# All dialects: Get out of my way!



## GoldBug

A common term used in Saudi Arabia -and useful to know- is the term واخر (waakhir) meaning "Get out of my way/face !" usually followed by يا شيخ whence it means "Get out of my way, mister!!"

Is this term used in any other dialect and if not, would it be understood? Thanks.


----------



## إسكندراني

Yes, I think so. Especially if said in the correct tone


----------



## hiba

I've heard it as  وخّر / وخْري in Iraqi, but not واخر


----------



## GoldBug

Well, I've never seen it written and so I'm unsure of the correct spelling.
(When I've used it, it's been within a "confrontational" situation and I guess I prolonged the "A" sound for emphasis. There's no doubt the listener knew what I was saying, though). Thanks for your comment.


----------



## إسكندراني

It is وخّر, and it's really typical  that's why people would recognise it. It means a bit like 'back off'.


----------



## Masjeen

Get out of my way = وخر عني


----------



## Lark-lover

GoldBug said:


> A common term used in Saudi Arabia -and useful to know- is the term واخر (waakhir) meaning "Get out of my way/face !" usually followed by يا شيخ whence it means "Get out of my way, mister!!"


This is commonly said when a speaker is angry with the addressee.The word "shiekh"right here within the contex doesn't hold the real meaning of the typical shiekh.It is s sort of sarcastic way for one to vent their anger.


----------



## GoldBug

Masjeen said:


> Get out of my way = وخر عني


Zayn....fa weisho-l-farg bayn وخر  u وخر عني ?


Lark-lover said:


> This is commonly said when a speaker is angry with the addressee.The word "shiekh"right here within the contex doesn't hold the real meaning of the typical shiekh.It is s sort of sarcastic way for one to vent their anger.


Ey...Adri....ma3aloom....nafs shi bi-kilma MISTER bilinglizi.


----------



## Masjeen

GoldBug said:


> Zayn....fa weisho-l-farg bayn وخر  u وخر عني?

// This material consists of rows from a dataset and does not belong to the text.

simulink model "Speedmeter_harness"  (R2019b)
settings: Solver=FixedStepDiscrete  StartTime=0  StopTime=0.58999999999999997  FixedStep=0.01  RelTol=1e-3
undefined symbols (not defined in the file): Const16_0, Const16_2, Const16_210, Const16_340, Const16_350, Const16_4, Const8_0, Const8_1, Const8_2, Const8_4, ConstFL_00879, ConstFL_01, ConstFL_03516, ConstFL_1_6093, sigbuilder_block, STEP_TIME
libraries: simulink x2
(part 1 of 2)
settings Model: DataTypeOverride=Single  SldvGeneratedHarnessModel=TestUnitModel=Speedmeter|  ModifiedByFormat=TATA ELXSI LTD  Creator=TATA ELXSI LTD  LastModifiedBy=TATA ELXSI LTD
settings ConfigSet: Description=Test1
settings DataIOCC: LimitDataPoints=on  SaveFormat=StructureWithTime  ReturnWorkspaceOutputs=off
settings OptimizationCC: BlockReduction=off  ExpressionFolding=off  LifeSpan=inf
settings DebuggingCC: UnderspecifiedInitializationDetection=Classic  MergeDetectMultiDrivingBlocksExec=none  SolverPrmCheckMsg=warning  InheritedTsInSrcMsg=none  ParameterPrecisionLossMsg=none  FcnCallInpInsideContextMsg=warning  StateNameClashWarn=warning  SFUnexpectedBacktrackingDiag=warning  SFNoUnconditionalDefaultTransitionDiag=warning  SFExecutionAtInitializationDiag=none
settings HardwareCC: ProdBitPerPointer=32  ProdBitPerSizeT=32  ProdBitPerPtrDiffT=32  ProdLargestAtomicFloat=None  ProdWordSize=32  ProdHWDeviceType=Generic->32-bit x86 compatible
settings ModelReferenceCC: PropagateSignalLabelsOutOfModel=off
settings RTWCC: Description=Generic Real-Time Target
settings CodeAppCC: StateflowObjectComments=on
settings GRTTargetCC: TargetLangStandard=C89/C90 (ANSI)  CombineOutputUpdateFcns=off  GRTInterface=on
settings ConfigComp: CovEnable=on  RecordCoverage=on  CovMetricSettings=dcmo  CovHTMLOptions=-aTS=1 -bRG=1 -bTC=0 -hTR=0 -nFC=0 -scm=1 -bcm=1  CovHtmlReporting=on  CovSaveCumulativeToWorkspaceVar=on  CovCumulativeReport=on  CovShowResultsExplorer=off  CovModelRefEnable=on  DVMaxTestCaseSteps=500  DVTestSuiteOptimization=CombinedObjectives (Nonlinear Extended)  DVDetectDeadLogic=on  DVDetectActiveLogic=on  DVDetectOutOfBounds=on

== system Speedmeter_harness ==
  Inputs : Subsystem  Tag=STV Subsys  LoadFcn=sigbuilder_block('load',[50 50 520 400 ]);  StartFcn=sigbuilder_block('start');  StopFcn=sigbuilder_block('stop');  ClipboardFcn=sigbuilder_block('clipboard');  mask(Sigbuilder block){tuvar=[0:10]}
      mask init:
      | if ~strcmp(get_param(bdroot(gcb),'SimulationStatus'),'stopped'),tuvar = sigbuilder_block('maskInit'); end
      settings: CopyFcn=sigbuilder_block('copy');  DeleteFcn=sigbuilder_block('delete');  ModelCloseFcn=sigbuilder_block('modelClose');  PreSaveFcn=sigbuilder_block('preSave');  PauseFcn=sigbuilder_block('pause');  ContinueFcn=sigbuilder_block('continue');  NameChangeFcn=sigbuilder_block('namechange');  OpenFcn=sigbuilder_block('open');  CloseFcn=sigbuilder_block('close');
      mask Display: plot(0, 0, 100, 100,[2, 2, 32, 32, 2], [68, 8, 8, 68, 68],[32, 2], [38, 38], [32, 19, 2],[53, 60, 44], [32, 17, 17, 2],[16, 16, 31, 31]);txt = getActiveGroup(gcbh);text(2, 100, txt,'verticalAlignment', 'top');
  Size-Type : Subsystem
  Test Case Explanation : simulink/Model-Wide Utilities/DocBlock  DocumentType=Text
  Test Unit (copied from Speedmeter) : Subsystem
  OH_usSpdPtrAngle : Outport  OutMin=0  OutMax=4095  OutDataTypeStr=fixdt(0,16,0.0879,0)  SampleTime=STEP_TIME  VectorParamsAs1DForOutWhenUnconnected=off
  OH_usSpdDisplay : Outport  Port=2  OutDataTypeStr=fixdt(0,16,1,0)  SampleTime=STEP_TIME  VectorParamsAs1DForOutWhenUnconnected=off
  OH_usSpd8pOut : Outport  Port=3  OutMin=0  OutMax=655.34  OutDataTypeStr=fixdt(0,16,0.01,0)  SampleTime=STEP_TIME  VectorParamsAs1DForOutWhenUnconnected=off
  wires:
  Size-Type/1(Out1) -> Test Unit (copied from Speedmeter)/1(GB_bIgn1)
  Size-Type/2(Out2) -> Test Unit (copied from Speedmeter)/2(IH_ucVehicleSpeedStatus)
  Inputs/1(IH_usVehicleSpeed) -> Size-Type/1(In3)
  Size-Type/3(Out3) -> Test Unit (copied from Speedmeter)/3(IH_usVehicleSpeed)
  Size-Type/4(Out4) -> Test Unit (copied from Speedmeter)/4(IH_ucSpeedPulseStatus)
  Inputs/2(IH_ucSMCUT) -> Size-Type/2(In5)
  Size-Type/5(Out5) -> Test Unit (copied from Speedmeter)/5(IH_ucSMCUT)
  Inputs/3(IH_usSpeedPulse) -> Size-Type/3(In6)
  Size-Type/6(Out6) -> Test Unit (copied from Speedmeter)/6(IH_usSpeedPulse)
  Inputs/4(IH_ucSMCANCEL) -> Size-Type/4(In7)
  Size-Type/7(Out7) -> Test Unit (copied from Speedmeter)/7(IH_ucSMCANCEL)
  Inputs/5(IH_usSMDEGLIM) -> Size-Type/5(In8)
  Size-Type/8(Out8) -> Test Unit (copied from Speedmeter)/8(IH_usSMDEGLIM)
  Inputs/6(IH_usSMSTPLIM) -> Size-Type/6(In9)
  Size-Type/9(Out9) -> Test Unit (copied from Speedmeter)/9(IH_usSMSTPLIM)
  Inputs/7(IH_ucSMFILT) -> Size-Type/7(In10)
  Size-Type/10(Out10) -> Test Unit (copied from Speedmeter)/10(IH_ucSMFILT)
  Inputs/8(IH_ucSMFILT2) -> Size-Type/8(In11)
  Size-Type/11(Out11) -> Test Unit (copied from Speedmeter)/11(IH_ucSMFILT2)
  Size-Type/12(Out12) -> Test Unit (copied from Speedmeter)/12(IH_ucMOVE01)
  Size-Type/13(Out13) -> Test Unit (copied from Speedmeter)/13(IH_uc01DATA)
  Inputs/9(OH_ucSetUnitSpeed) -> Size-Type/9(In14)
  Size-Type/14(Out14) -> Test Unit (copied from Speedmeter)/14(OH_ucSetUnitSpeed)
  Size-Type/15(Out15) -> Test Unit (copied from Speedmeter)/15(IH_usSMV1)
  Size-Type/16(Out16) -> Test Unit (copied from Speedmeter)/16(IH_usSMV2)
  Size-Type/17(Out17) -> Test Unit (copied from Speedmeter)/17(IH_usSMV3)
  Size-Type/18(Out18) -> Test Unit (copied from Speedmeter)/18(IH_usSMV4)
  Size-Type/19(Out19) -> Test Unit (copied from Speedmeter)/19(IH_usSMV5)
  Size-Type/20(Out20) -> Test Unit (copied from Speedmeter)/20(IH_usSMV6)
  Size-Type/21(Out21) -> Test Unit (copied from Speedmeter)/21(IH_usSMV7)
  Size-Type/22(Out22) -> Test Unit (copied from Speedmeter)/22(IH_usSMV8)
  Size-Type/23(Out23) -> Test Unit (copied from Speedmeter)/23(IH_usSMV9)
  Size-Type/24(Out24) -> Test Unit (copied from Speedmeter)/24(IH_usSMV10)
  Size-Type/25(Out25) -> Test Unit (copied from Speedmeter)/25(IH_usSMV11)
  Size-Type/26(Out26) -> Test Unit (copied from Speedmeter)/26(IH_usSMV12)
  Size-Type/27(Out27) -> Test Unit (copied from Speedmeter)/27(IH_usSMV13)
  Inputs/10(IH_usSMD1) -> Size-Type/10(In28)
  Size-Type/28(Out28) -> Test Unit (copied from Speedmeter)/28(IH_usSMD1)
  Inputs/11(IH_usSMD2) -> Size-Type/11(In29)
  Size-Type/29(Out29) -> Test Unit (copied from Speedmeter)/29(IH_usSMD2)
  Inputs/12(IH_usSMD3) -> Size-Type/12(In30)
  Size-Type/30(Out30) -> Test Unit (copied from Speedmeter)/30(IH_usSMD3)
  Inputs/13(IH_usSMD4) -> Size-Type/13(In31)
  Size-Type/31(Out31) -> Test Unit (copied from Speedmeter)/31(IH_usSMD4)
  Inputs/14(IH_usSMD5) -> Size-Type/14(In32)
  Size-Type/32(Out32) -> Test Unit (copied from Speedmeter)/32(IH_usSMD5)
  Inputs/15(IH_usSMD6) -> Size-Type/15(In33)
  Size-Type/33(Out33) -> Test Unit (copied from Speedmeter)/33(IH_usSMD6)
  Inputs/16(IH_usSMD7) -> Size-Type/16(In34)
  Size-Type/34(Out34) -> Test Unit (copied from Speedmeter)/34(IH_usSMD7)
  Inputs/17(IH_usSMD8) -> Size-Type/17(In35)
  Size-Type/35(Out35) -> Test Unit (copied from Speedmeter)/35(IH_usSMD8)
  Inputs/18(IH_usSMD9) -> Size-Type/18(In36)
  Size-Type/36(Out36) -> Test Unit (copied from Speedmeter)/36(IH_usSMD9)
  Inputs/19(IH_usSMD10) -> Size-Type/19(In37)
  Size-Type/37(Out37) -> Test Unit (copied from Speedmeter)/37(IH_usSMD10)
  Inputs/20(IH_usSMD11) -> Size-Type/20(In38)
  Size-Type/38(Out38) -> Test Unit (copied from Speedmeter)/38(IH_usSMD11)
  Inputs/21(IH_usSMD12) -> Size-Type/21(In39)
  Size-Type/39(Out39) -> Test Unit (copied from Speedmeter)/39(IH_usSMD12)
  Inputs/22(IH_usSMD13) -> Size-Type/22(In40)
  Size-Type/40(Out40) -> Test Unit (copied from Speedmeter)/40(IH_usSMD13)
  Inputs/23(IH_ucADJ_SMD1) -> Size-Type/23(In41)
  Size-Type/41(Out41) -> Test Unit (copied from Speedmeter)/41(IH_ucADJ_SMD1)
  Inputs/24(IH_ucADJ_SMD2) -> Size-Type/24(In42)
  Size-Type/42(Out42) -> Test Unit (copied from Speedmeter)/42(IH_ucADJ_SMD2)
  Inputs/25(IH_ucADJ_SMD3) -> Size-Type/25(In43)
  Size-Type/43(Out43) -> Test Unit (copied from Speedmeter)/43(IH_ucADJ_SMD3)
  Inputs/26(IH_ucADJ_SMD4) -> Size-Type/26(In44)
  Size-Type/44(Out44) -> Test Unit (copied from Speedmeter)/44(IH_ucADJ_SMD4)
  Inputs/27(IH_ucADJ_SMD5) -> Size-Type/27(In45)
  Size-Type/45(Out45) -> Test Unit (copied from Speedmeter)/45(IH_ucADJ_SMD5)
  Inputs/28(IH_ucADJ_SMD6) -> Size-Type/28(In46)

there is no real difference but وخر عني sounds more harsh than وخر

وخر = back off = أبتعد
وخر عني = Get out of my way (_literally:  from me_) =  ابتعد عني


----------



## Tilmeedh

^
Are one or both of these expressions used in the Levant or Egypt, and do they have the same meaning? Alternatively, what other expressions are preferred in Masri and Shaami varieties of Arabic? I only know " زيح! " = 'zii7!'.


----------



## apricots

There are lots of things you can say in PA, some that I know:
فك عني
حل عني
اطلع من راسي
انقلع
زيح


----------



## Mahaodeh

apricots said:


> There are lots of things you can say in PA, some that I know:
> فك عني
> حل عني
> اطلع
> انقلع
> زيح


Other than زيح (also إبعد) that is the literal meaning, the others you mention are not very polite. Actually, انقلع is a very rude way to ask someone to get out of the way - it can also be used to ask someone to 'go away', also quite rudely.

I'm not so sure about اطلع though, are you sure you heard it used in the context of asking someone to move away? It's more like asking someone to 'get out' (of a room, car, office...etc.) rather than 'get out of the way'. It can also be used to ask someone to 'go ahead' or 'move ahead'.



GoldBug said:


> Zayn....fa weisho-l-farg bayn وخر u وخر عني ?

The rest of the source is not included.